Yes, I know they aren’t a natural match, but sometimes I just want some wine AND chocolate. At the same time. Together. Because that’s what I’m in the mood for. So despite all the naysayers, you can have your wine and your chocolate too. The problem is doing so without totally screwing up the taste of one or the other. Here are a few combos that have taken me through many a soothe-fest. A basic rule of thumb is that you want the wine to be slightly sweeter than whatever you’re eating.

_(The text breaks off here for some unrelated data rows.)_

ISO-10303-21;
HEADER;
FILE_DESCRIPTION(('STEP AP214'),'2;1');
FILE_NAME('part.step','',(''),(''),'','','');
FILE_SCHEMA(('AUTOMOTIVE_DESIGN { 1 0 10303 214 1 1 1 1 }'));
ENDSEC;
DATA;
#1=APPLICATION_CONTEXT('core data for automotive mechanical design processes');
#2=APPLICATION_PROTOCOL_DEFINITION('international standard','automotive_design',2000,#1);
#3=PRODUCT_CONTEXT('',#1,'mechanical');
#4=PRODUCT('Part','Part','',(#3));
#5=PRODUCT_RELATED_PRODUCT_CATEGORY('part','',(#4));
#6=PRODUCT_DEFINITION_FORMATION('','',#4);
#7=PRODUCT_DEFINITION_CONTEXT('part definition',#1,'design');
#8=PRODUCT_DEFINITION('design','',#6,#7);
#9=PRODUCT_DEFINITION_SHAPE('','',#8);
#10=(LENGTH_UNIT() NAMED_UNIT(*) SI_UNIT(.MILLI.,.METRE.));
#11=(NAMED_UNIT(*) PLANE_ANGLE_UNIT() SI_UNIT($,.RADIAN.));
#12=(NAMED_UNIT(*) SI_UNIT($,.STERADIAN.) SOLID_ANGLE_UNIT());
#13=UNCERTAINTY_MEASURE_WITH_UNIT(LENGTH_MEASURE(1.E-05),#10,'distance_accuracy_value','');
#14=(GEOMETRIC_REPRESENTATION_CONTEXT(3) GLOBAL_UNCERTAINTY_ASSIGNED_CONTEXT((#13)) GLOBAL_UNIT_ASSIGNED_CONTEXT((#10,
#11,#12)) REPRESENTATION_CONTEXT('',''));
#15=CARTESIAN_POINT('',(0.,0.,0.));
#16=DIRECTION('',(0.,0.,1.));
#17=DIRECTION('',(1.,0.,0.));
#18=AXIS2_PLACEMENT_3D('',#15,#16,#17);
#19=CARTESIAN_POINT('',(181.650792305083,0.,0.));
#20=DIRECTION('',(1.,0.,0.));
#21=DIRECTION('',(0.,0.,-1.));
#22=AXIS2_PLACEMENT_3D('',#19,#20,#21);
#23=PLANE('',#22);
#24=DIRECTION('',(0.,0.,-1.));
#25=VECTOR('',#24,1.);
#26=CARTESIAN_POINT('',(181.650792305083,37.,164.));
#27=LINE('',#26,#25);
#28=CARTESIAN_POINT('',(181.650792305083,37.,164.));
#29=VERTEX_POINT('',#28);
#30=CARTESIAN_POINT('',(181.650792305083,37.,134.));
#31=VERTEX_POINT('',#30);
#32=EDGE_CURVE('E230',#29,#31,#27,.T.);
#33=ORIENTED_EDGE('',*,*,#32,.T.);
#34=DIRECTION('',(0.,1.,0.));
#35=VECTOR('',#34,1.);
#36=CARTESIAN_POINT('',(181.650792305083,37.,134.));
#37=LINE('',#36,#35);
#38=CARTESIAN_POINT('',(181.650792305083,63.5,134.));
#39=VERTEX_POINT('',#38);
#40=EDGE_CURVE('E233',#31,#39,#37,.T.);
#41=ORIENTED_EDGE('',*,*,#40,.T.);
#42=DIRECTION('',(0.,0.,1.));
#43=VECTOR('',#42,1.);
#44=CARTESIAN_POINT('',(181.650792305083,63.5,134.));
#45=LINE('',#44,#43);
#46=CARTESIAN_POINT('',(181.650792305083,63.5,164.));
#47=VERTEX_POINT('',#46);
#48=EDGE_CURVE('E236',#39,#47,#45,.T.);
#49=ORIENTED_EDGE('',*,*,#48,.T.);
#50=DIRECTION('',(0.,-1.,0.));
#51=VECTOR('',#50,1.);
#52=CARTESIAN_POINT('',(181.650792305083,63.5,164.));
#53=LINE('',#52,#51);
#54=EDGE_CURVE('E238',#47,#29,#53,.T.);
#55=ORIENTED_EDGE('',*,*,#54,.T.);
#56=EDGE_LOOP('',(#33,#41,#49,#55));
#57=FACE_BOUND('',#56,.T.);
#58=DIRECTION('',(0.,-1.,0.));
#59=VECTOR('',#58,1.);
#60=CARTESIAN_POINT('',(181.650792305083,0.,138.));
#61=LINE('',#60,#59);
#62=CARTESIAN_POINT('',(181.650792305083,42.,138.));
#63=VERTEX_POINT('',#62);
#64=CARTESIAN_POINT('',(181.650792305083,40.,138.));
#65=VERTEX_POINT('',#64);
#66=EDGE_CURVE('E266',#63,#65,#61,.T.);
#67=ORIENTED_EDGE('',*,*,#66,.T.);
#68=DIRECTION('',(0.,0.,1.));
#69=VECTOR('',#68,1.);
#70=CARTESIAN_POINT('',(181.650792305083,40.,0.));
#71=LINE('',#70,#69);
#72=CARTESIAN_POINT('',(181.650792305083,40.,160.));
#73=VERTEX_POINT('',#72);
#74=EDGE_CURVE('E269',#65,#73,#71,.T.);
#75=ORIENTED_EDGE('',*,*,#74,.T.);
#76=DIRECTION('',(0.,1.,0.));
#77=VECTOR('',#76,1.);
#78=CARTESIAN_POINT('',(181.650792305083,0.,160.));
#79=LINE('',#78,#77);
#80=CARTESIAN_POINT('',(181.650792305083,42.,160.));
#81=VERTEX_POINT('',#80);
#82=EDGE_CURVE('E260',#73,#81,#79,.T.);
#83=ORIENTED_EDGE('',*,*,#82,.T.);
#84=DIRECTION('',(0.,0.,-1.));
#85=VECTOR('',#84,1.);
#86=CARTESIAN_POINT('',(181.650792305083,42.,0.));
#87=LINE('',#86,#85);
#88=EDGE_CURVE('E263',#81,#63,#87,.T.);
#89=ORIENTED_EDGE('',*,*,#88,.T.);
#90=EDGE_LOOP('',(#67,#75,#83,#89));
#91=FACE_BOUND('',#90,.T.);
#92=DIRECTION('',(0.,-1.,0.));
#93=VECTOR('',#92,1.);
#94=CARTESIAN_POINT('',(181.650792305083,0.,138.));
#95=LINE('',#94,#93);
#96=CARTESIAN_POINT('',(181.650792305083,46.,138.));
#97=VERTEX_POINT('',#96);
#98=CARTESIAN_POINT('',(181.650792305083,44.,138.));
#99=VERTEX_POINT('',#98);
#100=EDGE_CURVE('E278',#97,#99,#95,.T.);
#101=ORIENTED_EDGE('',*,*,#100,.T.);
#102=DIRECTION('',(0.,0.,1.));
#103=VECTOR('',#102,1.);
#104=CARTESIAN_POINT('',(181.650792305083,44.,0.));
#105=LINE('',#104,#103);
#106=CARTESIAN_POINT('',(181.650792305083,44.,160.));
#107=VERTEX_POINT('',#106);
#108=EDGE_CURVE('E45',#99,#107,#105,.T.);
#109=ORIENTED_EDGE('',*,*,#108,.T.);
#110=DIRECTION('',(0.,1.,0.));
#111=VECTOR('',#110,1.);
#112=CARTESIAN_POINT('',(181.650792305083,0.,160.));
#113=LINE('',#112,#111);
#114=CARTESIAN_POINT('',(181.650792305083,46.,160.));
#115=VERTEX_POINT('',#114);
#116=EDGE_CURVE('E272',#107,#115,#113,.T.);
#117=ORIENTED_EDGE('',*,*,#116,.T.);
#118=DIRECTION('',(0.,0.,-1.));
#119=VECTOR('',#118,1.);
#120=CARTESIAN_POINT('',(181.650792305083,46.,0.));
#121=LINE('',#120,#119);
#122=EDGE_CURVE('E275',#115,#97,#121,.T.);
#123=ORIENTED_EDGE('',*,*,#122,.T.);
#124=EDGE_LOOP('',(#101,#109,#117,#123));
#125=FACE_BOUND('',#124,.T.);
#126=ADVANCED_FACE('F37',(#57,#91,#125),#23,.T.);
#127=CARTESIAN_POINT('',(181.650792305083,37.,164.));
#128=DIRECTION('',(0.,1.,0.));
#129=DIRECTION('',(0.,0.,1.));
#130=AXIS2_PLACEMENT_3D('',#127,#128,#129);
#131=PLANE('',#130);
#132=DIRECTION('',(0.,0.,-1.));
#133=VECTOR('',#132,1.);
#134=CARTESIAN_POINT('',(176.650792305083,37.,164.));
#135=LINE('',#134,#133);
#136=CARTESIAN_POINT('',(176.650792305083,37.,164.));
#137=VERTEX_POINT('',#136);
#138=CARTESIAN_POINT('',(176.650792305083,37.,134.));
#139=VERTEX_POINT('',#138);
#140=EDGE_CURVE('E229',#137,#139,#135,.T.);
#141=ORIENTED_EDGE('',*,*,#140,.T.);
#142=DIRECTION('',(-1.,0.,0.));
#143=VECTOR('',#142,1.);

Moscato d’Asti has never been my bubbly of choice but it’s a fun match with white chocolate. White chocolate is super sweet and can almost be cloying so the refreshing bubbles of the Moscato is a nice touch and lightens the load. Plus the Moscato has some sweetness to match the sweetness in the white chocolate. I also like white chocolate with Rosé. For this one, I like a fruitier Rosé rather than one with more earthy, savory flavors. Even better if it has a bit of residual sugar. Save those beautiful bone-dry Rosés for some other occasion.
Milk chocolate is typically smooth, creamy, and has a good level of fat so acid can be your friend here. Riesling works here because the high level of acidity is a refreshing palate cleanser after the heavy milk chocolate. An off-dry version also gives you the sweetness you need. A Rutherglen Muscat also works nicely here. In this case, we’re going sweet with with sweet. I’ve also had Muscat with my Mardi Gras King Cake and loved it. One pairing I haven’t tired is Hungary’s Tokaji which I’m intrigued by and think would also play well here.
Dark chocolate can pair nicely with red wine but it has to be the right red wine. Go wrong and they both are a yucky, bitter mess. In these instances, jammy fruit bombs are your friend. Especially those with residual sugar. Red wines that sometimes fall into this category are Zinfandel and Petite Sirah. Lodi Zinfandel in particular can offer up those sweet red fruit notes that can pair with dark chocolate. Petite Sirah is similarly fruity with its intense, red fruits. Both of these wines pack intense flavor that stand up to the intense flavor of dark chocolate.
Bitter Dark Chocolate
We’re talking serious levels of cacao here. Port or Banyuls are my go-to wines here. Port is a classic choice and these two really do love each other. The bitterness of the dark chocolate is a natural for the dark, intense fruit and sweetness of the Port. You can go for a new world style port wine (a late harvest Zinfandel may bring a tear to your eye) or the real deal and either way you’re good. I also love Maury, which is a Grenache based dessert wine from Languedoc-Roussillon, with bitter dark chocolate. I had a pairing dinner at Le Jules Verne in Paris and one of the pairings was Banyuls and dark chocolate. I haven’t been right ever since. It was so good!
Yah, it’s not chocolate, but I love chocolate with caramel and sometimes just the carmel itself. I’ve had caramel based desserts with both Vin Santo and Pedro Ximénez (“PX”) Sherry (the only sherry I love so far). The PX, with its oxidative characteristics takes on some caramel flavors so the two are a natural together. Heck, it even looks like caramel! And the older the PX, the more acidic and elegant the wine. Like PX, Italy’s Vin Santo is known for its nutty and caramel flavors. Just be careful with both of these as the alcohol levels are pretty high. A little goes a long way here. Me thinks Madeira would fit in nicely here too. Stay tuned.
And when in doubt, I open Champagne which never disappoints. But I usually go “Demi-Sec” or “ Doux.” Cheers to wine and chocolate y’all!